Sorry to bore y'all and repeat myself, but he then laid out for me again the road map: First thing, as I noted in last post, we need to break up the boat for multiple points of attack. A few more days (til Monday, I think) of high-dose. So far, I really am taking it well. Then, maybe a few weeks home to recoop, then a CT scan to check size. (So if not a ray of itchy-free freedom on the horizon, at least a big fat carrot at my nose tip: seeing Sammy, being home, playing my drums, in the Green Room. My place. My bed. Even my own homely home cooking. Actually, even looking forward to taking care of all the paperwork I'm behind on.) Then, rinse and repeat high-dose, or maybe get a dose of my own stem cells (one of 3 servings we have in reserve). Whatever it takes, I'm game.
So after the morning lull, then talk with the doc, picking myself up has been today's task.

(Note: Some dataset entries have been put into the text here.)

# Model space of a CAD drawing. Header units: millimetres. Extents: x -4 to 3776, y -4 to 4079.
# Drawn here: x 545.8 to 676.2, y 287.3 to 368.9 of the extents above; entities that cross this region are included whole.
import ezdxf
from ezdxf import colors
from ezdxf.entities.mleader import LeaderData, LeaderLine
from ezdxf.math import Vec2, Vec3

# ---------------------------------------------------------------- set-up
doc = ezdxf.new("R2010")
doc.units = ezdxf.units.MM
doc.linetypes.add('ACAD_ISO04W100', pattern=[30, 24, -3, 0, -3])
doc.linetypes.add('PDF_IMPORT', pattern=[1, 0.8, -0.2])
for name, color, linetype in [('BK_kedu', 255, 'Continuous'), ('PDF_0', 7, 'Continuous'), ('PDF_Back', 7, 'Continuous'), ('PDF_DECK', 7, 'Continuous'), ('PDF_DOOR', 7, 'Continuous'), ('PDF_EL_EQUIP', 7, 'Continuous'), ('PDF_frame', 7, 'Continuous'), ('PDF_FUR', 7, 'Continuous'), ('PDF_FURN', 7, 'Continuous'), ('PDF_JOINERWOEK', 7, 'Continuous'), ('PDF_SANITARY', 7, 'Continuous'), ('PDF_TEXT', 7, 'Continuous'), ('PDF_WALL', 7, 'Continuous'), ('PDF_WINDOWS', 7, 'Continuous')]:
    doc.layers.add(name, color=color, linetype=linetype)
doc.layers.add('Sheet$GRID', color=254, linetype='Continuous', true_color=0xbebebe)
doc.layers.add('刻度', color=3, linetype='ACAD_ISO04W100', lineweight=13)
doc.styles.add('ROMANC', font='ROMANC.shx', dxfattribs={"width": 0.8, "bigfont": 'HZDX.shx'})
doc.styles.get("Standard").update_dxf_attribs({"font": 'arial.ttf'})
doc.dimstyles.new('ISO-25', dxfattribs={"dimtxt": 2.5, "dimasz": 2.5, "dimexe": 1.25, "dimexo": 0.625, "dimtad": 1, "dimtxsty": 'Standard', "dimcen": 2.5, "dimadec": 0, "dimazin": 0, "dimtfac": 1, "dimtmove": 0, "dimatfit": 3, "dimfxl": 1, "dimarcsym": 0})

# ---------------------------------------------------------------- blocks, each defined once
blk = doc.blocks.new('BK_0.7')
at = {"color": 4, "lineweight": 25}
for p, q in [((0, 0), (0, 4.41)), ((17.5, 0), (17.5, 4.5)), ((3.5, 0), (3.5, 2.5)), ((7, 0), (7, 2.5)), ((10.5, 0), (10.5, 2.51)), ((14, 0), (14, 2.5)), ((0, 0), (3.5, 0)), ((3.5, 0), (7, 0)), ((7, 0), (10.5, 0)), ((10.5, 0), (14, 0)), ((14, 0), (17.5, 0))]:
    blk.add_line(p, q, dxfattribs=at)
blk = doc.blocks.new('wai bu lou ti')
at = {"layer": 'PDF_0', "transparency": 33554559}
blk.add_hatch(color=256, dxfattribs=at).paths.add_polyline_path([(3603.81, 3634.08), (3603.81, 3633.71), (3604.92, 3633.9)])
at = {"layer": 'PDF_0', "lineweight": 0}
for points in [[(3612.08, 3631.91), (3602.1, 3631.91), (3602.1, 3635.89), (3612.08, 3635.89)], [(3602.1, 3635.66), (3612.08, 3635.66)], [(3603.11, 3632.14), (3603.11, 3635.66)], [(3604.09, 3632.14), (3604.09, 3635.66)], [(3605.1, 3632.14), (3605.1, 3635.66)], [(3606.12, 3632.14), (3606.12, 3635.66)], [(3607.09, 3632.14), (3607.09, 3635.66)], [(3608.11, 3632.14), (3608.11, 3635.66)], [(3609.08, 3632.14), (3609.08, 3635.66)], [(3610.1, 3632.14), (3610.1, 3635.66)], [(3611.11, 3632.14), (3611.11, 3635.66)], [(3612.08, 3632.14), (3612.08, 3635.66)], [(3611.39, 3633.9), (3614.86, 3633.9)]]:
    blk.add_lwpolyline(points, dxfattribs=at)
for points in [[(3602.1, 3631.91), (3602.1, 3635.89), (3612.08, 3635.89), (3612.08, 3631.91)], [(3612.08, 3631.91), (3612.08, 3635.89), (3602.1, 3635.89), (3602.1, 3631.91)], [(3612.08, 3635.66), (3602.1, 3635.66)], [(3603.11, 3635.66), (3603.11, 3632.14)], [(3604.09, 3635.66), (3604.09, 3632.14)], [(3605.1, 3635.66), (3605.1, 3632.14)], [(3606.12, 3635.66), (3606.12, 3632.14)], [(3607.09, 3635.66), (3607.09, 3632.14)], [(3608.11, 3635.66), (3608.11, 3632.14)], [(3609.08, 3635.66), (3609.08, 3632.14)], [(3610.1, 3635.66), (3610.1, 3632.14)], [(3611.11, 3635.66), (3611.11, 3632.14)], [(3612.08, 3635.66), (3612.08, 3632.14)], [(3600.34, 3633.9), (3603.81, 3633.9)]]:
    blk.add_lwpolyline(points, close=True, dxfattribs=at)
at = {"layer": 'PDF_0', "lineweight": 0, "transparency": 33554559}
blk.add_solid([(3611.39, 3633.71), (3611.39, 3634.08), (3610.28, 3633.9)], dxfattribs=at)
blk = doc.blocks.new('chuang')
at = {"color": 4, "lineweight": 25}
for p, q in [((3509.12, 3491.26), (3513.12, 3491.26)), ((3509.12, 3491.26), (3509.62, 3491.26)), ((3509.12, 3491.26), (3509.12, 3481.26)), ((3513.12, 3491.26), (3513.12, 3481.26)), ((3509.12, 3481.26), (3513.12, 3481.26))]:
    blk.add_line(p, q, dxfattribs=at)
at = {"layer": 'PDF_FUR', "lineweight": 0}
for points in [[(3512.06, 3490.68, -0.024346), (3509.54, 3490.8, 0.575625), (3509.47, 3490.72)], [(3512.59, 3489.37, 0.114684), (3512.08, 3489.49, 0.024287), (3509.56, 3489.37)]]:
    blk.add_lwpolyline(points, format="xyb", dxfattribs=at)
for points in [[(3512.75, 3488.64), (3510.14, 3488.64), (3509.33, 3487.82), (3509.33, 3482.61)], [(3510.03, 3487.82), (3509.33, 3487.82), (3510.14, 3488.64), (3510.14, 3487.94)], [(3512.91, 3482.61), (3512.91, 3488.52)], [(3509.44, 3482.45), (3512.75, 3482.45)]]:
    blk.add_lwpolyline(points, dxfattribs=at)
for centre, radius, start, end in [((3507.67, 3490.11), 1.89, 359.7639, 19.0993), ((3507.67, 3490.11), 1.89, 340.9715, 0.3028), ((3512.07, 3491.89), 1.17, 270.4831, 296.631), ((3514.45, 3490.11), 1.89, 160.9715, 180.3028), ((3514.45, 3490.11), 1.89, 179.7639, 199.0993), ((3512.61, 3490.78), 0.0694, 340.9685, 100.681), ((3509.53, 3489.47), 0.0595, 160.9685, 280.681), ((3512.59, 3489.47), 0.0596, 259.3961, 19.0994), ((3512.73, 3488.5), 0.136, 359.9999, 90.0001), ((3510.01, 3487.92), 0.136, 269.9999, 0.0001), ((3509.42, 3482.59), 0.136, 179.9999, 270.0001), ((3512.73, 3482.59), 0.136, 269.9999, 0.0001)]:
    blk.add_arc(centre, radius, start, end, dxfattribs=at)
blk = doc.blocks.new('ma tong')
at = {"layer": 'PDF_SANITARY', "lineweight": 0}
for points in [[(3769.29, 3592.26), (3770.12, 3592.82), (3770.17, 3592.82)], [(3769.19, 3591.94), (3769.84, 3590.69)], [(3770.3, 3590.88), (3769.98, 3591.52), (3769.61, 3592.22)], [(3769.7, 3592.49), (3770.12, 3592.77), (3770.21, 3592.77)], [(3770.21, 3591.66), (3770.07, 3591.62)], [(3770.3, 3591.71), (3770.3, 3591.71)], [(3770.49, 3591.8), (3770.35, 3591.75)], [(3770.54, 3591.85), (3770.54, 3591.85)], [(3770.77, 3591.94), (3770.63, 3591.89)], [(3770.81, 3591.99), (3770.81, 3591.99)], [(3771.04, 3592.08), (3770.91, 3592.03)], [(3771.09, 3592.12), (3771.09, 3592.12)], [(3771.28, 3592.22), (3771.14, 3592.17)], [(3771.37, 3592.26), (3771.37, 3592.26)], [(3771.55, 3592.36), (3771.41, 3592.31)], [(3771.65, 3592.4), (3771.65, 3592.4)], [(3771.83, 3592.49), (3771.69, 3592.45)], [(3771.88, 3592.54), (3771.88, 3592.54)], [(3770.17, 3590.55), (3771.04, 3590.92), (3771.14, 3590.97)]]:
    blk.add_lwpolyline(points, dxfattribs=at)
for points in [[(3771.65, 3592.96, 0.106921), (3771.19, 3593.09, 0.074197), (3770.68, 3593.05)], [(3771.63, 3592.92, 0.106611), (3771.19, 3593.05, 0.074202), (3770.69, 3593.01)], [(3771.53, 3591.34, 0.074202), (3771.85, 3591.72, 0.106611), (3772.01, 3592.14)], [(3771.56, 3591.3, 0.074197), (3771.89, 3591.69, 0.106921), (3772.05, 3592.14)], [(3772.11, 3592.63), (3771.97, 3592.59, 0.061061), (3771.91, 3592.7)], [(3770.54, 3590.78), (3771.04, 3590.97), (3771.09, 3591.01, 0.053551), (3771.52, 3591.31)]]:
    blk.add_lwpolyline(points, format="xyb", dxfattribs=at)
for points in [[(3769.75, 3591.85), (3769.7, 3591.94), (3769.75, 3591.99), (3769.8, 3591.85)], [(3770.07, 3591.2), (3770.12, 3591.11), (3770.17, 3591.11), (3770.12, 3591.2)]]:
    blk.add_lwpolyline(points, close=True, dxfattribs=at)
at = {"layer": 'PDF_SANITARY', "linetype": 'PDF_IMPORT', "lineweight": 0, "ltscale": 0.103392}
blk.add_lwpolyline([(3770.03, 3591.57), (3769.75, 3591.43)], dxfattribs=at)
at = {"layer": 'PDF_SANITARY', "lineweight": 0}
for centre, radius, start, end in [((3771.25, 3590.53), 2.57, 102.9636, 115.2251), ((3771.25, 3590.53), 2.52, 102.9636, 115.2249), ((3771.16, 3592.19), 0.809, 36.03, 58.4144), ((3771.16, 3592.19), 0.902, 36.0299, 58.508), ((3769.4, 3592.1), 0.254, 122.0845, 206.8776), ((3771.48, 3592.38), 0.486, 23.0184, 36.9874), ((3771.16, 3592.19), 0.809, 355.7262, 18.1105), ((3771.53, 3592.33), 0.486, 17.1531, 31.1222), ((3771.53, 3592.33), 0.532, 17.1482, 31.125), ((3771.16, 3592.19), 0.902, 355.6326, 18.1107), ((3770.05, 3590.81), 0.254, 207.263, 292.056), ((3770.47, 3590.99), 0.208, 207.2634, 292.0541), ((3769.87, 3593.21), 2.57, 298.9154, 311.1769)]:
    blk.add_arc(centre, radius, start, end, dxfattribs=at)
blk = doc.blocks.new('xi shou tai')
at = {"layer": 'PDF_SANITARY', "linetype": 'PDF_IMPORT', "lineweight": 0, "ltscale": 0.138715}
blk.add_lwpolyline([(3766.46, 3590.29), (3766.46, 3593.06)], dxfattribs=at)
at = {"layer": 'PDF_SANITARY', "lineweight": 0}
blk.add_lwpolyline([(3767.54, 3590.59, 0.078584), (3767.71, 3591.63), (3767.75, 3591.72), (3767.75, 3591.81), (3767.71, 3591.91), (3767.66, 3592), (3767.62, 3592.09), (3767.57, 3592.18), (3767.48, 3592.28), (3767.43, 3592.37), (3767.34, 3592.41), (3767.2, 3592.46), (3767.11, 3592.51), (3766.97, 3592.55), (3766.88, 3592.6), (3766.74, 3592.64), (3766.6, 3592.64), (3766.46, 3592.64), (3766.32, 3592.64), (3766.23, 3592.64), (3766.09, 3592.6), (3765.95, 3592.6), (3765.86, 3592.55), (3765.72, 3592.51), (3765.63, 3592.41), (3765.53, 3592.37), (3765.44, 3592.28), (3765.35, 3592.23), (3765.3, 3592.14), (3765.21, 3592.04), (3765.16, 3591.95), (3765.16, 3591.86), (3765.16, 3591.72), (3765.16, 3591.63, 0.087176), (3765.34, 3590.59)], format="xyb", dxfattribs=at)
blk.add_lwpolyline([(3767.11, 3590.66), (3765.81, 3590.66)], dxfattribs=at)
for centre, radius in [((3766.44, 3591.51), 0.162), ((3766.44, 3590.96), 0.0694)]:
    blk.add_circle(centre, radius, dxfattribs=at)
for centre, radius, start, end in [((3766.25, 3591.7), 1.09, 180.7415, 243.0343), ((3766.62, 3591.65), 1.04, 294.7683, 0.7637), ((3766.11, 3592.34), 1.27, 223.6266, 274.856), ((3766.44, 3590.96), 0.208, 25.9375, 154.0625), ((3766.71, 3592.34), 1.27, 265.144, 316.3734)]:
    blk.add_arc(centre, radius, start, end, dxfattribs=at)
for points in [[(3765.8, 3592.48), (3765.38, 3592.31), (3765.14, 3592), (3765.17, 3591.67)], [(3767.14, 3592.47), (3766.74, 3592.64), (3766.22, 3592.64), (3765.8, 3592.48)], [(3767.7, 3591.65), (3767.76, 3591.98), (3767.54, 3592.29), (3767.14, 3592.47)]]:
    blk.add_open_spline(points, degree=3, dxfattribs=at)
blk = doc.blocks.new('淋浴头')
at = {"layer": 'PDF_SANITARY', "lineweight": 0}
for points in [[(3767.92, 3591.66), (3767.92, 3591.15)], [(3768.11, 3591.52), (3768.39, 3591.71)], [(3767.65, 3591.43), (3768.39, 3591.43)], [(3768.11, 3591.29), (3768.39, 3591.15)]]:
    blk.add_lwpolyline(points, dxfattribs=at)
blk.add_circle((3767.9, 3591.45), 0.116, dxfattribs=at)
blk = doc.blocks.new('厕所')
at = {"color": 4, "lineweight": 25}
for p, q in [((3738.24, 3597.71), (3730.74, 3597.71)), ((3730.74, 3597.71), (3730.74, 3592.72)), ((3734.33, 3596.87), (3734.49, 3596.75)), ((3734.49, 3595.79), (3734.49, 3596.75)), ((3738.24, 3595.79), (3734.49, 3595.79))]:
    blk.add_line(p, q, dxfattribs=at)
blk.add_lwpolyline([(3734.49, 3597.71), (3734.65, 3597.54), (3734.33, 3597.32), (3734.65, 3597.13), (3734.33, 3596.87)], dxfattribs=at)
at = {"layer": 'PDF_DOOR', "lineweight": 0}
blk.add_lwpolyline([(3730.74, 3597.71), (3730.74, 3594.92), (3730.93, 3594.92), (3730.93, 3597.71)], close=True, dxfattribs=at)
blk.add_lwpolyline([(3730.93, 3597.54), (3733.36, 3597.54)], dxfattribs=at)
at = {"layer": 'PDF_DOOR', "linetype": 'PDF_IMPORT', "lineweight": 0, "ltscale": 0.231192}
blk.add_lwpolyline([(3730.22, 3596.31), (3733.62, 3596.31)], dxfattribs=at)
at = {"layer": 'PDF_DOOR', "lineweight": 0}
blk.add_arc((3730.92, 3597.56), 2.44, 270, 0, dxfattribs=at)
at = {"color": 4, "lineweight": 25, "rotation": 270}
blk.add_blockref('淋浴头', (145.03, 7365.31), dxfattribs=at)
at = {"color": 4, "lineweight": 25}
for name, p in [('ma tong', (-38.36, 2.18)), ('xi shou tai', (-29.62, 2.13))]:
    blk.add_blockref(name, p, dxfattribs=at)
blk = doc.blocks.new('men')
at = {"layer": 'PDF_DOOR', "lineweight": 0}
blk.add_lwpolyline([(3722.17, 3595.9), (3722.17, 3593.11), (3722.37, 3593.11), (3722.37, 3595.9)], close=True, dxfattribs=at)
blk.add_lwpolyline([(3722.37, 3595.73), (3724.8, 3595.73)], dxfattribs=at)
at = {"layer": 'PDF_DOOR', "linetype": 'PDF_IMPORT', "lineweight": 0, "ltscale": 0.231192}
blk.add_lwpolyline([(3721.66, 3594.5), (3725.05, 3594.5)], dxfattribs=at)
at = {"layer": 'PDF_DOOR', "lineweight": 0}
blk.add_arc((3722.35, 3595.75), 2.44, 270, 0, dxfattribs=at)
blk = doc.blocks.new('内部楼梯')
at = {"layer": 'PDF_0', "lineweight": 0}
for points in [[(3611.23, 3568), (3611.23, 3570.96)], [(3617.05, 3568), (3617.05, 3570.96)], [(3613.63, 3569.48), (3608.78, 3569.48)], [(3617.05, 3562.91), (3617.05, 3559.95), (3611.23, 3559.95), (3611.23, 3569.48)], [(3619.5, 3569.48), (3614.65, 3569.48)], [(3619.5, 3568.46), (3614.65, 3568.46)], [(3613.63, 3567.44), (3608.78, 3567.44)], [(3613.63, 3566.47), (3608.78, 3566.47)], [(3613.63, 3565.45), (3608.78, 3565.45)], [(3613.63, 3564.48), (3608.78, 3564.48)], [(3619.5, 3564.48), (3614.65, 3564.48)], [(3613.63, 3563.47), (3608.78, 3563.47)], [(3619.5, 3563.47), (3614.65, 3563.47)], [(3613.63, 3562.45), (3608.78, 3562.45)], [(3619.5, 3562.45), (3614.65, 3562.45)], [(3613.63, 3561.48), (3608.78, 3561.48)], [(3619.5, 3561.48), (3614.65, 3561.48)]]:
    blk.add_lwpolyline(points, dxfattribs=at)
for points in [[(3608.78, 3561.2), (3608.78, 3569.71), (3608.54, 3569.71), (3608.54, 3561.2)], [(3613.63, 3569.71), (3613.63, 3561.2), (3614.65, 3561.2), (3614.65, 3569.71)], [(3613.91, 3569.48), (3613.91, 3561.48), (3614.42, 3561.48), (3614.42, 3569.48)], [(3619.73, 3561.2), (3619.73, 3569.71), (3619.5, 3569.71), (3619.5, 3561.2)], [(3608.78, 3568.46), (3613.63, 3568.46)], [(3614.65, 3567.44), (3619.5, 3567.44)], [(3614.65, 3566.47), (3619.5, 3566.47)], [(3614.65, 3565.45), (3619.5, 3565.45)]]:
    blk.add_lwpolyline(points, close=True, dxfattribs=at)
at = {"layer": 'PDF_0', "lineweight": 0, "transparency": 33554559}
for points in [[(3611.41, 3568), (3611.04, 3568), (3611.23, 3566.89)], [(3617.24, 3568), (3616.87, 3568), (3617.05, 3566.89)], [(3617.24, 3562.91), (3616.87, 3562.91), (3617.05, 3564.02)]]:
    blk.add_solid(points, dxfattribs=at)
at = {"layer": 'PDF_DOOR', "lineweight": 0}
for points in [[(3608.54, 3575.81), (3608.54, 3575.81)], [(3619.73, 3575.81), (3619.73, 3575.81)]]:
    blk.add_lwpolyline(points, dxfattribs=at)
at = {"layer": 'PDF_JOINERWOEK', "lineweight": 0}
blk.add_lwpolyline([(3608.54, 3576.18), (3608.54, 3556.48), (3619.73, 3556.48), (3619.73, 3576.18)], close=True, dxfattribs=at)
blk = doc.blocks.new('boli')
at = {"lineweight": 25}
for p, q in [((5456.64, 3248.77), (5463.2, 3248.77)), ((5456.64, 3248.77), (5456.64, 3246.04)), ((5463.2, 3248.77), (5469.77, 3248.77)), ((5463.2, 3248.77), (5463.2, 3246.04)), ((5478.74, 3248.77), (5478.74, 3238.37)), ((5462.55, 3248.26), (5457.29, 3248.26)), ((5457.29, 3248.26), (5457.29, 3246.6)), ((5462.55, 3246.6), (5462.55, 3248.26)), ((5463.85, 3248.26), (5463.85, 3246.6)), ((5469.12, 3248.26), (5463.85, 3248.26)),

The coffee kick now is helping, too. As soon will a nice hot dinner here at the cafe. (Update: dinner was great. Last few sips of coffee now before I mosy on back to the corral. Nice full tummy to get me thru the eve, and I hope they'll give me a few hours and make it a late eve chemo.)
I guess, looking back on today, couple of other little highlights. Little things. I started teaching one of the nurses how to juggle (just like you taught me, Jon). He's picking it up pretty quickly. Next lesson tomorrow. Also, finally picked up the drumsticks and daddled a bit (practicing my paradiddles, Stanley, and getting better, groove is flowing). Music is a healer, even if it's just keeping a groove.
That'll be my motto for tomorrow: Keep up the groove. Little bit of drumming, little bit of guitar, and a whole lotta love.
Thanks for your thoughts and good vibes. It's a beautiful day, slowly easing into a lovely eve, and I'm chalking it up to the day I get over the itch, and yet another day down along the sure, straight path to recovery.
Sure enough, again today, the dude abides.